View attachment 122774


----------



## JustJoshinYa (Mar 25, 2006)

That Flora Base is good stuff, it drastically softenes the water and helps hold a stable PH also, and my chain swords are already sending out runners which i am propagating at the moment







. here was my water params prior to and after the flora base.
Prior After Flora Base
P.H>*8.0* P.H>*7.0*
Nitrate>15ppm Nitrate>20ppm 
Nitrite>0ppm Nitrite>0ppm
Ammonia>0ppm Ammonia>0ppm
GH>*13ppm* GH>*5ppm*
KH>*9ppm* KH>*2ppm*

And my plants seemed to be doing very well in the flora base substrate, i would recommend it to anyone and until today i havent even started a steady consistent dosing schedule, so i can't wait to see what the increased light/co2/ferts will have to offer my tank. thanks to everyone for helping me get this project on track.


----------



## B. Rodgers (Jan 20, 2005)

That tank is sweet Josh.
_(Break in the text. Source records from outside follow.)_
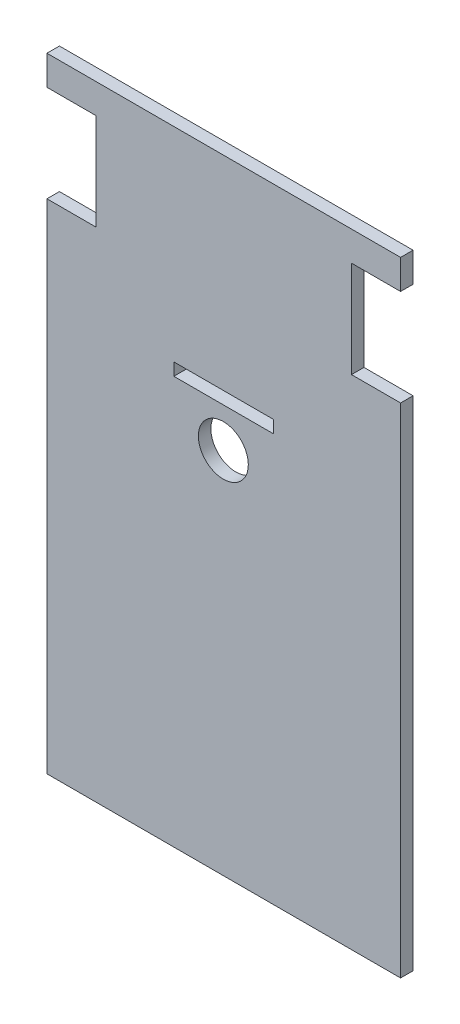
SolidWorks part; units mm, degrees
ref_plane "Alzado" through (0, 0, 0) normal (0, 0, 1) x (1, 0, 0)
ref_plane "Planta" through (0, 0, 0) normal (0, 1, 0) x (1, 0, 0)
ref_plane "Vista lateral" through (0, 0, 0) normal (1, 0, 0) x (0, 0, -1)
sketch "Model" plane through (0, 0, 0) normal (0, 0, 1) x (1, 0, 0)
  line L0 (16.403, 92.6003) -> (16.403, 85.5003)
  line L1 (101.403, 92.6003) -> (16.403, 92.6003)
  line L2 (101.403, 85.5003) -> (101.403, 92.6003)
  line L3 (89.603, 85.5003) -> (101.403, 85.5003)
  line L4 (89.603, 62.3003) -> (89.603, 85.5003)
  line L5 (101.403, 62.3003) -> (89.603, 62.3003)
  line L6 (101.403, -57.3997) -> (101.403, 62.3003)
  line L7 (16.403, -57.3997) -> (101.403, -57.3997)
  line L8 (16.403, 62.3003) -> (16.403, -57.3997)
  line L9 (16.403, 85.5003) -> (28.203, 85.5003)
  line L10 (28.203, 85.5003) -> (28.203, 62.3003)
  line L11 (28.203, 62.3003) -> (16.403, 62.3003)
  line L12 (70.903, 40.6003) -> (70.903, 43.6003)
  line L13 (70.903, 43.6003) -> (46.903, 43.6003)
  line L14 (46.903, 43.6003) -> (46.903, 40.6003)
  line L15 (46.903, 40.6003) -> (70.903, 40.6003)
  circle A0 centre (58.8023, 31.1299) radius 6
extrude "Saliente-Extruir1" add sketch "Model" along normal blind 3
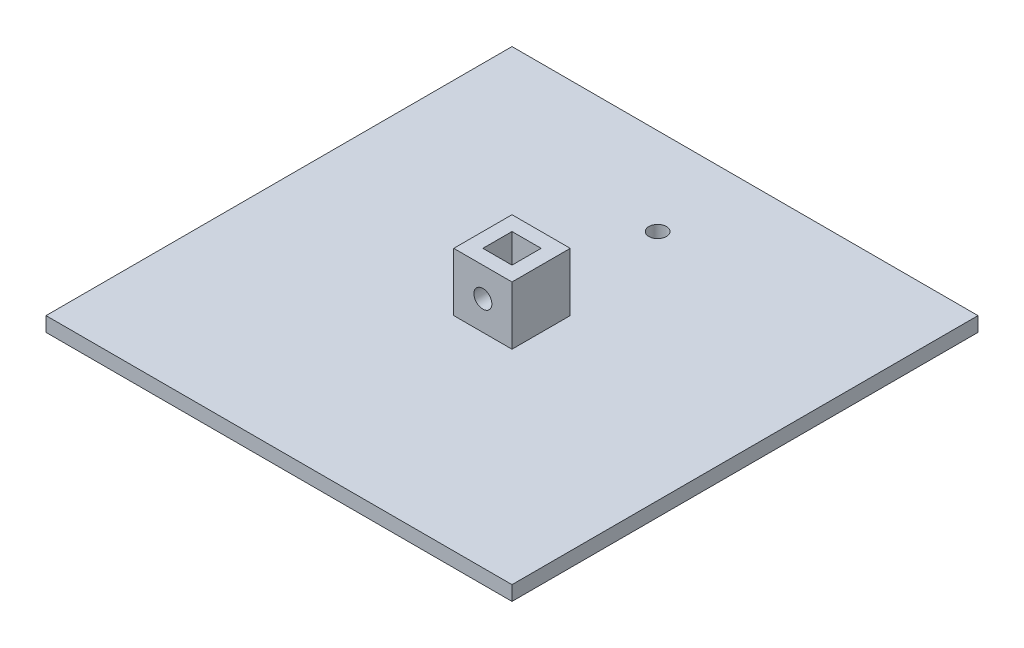
SolidWorks part; units mm, degrees
ref_plane "Front Plane" through (0, 0, 0) normal (0, 0, 1) x (1, 0, 0)
ref_plane "Top Plane" through (0, 0, 0) normal (0, 1, 0) x (1, 0, 0)
ref_plane "Right Plane" through (0, 0, 0) normal (1, 0, 0) x (0, 0, -1)
sketch "Sketch1" plane through (0, 0, 0) normal (0, 1, 0) x (1, 0, 0)
  line L1 (101.6, -101.6) -> (-101.6, -101.6)
  line L2 (101.6, -101.6) -> (101.6, 101.6)
  line L3 (101.6, 101.6) -> (-101.6, 101.6)
  line L4 (-101.6, -101.6) -> (-101.6, 101.6)
  line L5 (101.6, -101.6) -> (-101.6, 101.6) construction
  line L6 (101.6, 101.6) -> (-101.6, -101.6) construction
  point P0 (0, 0)
  dimension "8" = 203.2
  dimension "D2" = 203.2
extrude "Boss-Extrude1" add sketch "Sketch1" along normal blind 6.35
sketch "Sketch2" plane through (0, 0, 0) normal (0, 1, 0) x (1, 0, 0)
  line L1 (-12.7, -12.7) -> (12.7, -12.7)
  line L2 (-12.7, -12.7) -> (-12.7, 12.7)
  line L3 (-12.7, 12.7) -> (12.7, 12.7)
  line L4 (12.7, -12.7) -> (12.7, 12.7)
  line L5 (-12.7, -12.7) -> (12.7, 12.7) construction
  line L6 (-12.7, 12.7) -> (12.7, -12.7) construction
  line L7 (-6.35, -6.35) -> (6.35, -6.35)
  line L8 (-6.35, -6.35) -> (-6.35, 6.35)
  line L9 (-6.35, 6.35) -> (6.35, 6.35)
  line L10 (6.35, -6.35) -> (6.35, 6.35)
  line L11 (-6.35, -6.35) -> (6.35, 6.35) construction
  line L12 (-6.35, 6.35) -> (6.35, -6.35) construction
  point P0 (0, 0)
  point P6 (0, 0)
  dimension "D1" = 25.4
  dimension "D2" = 25.4
  dimension "D3" = 12.7
  dimension "D4" = 12.7
extrude "Boss-Extrude2" add sketch "Sketch2" along normal blind 31.75
sketch "Sketch3" plane through (0, 0, 12.7) normal (0, 0, 1) x (1, 0, 0)
  line L0 (-101.6, 6.35) -> (101.6, 6.35) construction
  line L1 (-12.7, 31.75) -> (-12.7, 6.35) construction
  circle A0 centre (0, 19.05) radius 3.9063
  dimension "D1" = 7.8126
  dimension "D2" = 12.7
  dimension "D3" = 12.7
extrude "Cut-Extrude1" cut sketch "Sketch3" against normal blind 25.4
sketch "Sketch4" plane through (0, 6.35, 0) normal (0, 1, 0) x (1, 0, 0)
  line L0 (101.6, 101.6) -> (-101.6, 101.6) construction
  line L1 (101.6, -101.6) -> (101.6, 101.6) construction
  circle A0 centre (0, 63.5) radius 3.81
  dimension "D3" = 7.62
  dimension "D1" = 38.1
  dimension "D2" = 101.6
extrude "Cut-Extrude2" cut sketch "Sketch4" against normal blind 25.4
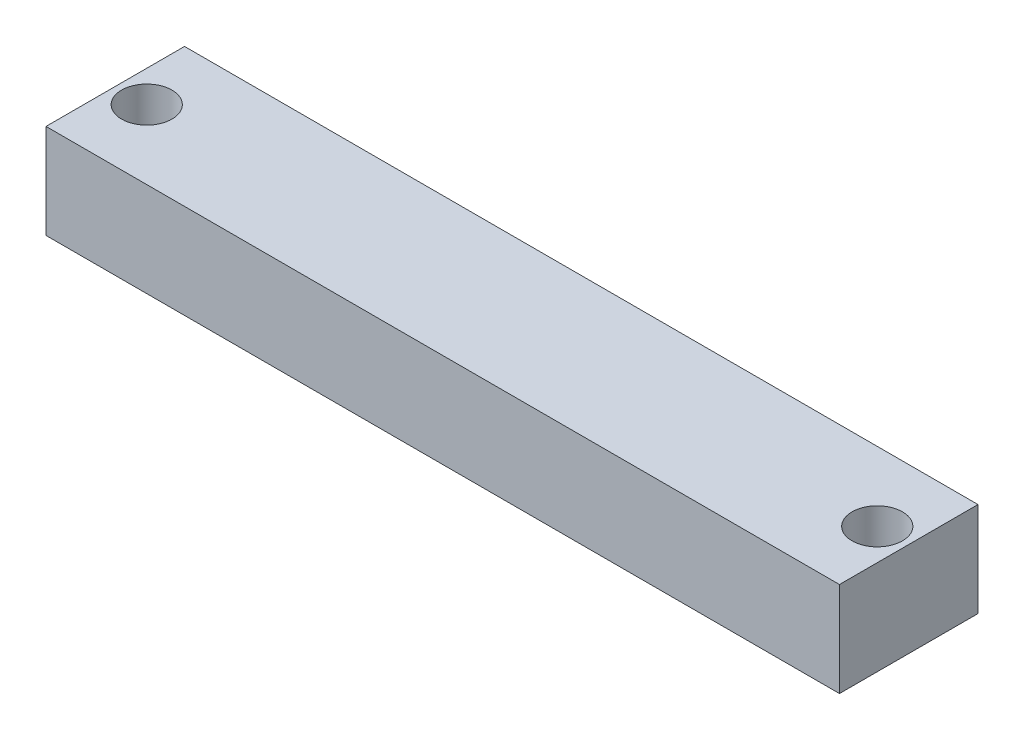
SolidWorks part; units mm, degrees
ref_plane "Front Plane" through (0, 0, 0) normal (0, 0, 1) x (1, 0, 0)
ref_plane "Top Plane" through (0, 0, 0) normal (0, 1, 0) x (1, 0, 0)
ref_plane "Right Plane" through (0, 0, 0) normal (1, 0, 0) x (0, 0, -1)
sketch "Sketch5" plane through (0, 0, 0) normal (0, 1, 0) x (1, 0, 0)
  line L1 (0, 0) -> (126, 0)
  line L2 (0, 0) -> (0, 22)
  line L3 (0, 22) -> (126, 22)
  line L4 (126, 0) -> (126, 22)
  dimension "D1" = 22
  dimension "D2" = 126
extrude "Boss-Extrude5" add sketch "Sketch5" along normal blind 15
sketch "Sketch6" plane through (0, 0, 0) normal (-1, 0, 0) x (0, 0, 1)
  circle A0 centre (-11.222, 2.7815) radius 1.2009
extrude "Cut-Extrude1" cut sketch "Sketch6" against normal blind 10
sketch "Sketch7" plane through (0, 15, 0) normal (0, 1, 0) x (1, 0, 0)
  line L0 (0, 22) -> (0, 0) construction
  line L1 (126, 22) -> (0, 22) construction
  line L2 (63, 22) -> (63, 0) construction
  line L3 (0, 0) -> (126, 0) construction
  circle A0 centre (5, 11) radius 4
  circle A1 centre (121, 11) radius 4
  dimension "D1" = 8
  dimension "D2" = 5
  dimension "D3" = 11
extrude "Cut-Extrude2" cut sketch "Sketch7" against normal through all

Don't worry about the Rhom buddy, I got ya covered!


----------



## DiPpY eGgS (Mar 6, 2005)

JustJoshinYa said:


> That Flora Base is good stuff, it drastically softenes the water and helps hold a stable PH also, and my chain swords are already sending out runners which i am propagating at the moment
> 
> 
> 
> ...


Wow, that stuff is great.. I don't understand how substrate can take in calcium and magnesium, but it's very cool, hope the tank does well for ya!
The substrate should eventually slow down on how soft it makes the water, say in 6-8 months. But you never know..
Just saying that so that you don't overlook it down the road. I have ADA substrate in my 10g, and I was cutting the water with R/O to help the substrate last longer. 
Just thought I would share that..


----------